Provided data Block Start

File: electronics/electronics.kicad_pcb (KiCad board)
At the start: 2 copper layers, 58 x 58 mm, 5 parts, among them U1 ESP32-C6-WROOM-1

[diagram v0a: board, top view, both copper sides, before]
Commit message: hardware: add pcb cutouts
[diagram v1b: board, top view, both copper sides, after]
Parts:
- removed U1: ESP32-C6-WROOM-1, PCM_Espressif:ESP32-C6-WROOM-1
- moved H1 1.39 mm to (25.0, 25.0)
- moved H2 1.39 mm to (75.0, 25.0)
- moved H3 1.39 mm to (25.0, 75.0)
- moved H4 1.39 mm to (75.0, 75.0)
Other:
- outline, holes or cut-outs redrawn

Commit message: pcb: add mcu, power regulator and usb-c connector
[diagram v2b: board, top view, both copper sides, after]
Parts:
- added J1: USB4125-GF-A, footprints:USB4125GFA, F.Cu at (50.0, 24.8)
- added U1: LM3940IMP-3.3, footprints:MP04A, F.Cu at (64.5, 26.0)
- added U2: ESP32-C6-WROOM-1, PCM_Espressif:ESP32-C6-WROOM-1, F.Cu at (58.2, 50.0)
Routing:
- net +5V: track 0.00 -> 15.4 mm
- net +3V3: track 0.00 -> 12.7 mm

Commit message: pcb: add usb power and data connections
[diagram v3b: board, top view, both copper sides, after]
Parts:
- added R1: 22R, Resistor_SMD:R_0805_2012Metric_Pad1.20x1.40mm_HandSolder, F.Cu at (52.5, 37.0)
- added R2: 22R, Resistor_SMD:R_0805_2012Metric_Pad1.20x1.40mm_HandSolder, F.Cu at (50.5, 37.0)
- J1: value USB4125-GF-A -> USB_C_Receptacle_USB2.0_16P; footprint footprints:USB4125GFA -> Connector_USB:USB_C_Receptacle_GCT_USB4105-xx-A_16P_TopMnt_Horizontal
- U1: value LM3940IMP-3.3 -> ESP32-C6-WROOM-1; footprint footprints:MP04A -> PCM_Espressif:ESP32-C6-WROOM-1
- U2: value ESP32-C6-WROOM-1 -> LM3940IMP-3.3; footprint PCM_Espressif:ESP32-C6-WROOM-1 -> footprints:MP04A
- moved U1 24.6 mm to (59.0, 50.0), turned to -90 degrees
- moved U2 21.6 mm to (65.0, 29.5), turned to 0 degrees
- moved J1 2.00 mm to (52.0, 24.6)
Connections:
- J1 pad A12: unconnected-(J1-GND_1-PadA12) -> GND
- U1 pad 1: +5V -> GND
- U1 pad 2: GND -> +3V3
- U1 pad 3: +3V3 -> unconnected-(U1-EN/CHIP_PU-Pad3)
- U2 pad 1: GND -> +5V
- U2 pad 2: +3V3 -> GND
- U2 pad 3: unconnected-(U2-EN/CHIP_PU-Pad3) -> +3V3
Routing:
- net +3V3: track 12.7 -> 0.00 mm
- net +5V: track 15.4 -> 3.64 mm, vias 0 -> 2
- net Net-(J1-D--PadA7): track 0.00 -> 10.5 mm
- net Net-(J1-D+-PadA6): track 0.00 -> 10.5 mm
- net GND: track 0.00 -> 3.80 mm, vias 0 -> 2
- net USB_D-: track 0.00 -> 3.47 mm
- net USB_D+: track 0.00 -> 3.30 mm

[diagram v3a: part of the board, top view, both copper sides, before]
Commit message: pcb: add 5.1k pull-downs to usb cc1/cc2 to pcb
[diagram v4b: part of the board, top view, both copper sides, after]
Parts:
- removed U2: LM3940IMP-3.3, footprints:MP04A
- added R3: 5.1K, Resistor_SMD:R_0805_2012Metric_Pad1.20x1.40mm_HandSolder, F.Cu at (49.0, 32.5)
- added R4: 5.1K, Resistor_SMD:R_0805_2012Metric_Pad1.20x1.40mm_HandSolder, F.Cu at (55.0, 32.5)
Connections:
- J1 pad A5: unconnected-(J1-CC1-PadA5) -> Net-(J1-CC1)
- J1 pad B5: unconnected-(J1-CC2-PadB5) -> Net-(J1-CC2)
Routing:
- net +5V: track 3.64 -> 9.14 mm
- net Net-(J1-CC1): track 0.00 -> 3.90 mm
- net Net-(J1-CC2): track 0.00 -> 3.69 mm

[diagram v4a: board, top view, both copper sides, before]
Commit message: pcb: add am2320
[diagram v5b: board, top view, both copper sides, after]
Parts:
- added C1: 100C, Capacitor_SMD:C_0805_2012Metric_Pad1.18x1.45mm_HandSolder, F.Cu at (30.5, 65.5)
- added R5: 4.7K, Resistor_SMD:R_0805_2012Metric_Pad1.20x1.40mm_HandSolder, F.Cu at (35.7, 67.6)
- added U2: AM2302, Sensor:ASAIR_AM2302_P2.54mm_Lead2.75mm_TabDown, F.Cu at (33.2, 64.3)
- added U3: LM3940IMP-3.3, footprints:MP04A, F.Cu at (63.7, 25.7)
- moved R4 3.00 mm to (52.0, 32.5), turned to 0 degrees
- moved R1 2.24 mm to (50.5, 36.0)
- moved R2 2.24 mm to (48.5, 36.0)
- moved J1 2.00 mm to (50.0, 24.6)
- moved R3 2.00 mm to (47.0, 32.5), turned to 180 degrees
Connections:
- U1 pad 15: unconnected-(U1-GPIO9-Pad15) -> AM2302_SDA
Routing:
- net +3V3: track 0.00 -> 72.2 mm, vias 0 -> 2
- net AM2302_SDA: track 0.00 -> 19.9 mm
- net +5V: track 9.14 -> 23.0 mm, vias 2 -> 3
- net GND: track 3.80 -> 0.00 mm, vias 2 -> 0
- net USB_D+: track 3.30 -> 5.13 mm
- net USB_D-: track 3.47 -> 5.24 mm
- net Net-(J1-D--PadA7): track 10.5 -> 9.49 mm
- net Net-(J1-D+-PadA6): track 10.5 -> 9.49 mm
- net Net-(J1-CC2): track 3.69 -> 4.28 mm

Provided data Block End

## What you should do
Extract every line from the records above that contains the word "copper".

## Solution for this task
At the start: 2 copper layers, 58 x 58 mm, 5 parts, among them U1 ESP32-C6-WROOM-1
[diagram v0a: board, top view, both copper sides, before]
[diagram v1b: board, top view, both copper sides, after]
[diagram v2b: board, top view, both copper sides, after]
[diagram v3b: board, top view, both copper sides, after]
[diagram v3a: part of the board, top view, both copper sides, before]
[diagram v4b: part of the board, top view, both copper sides, after]
[diagram v4a: board, top view, both copper sides, before]
[diagram v5b: board, top view, both copper sides, after]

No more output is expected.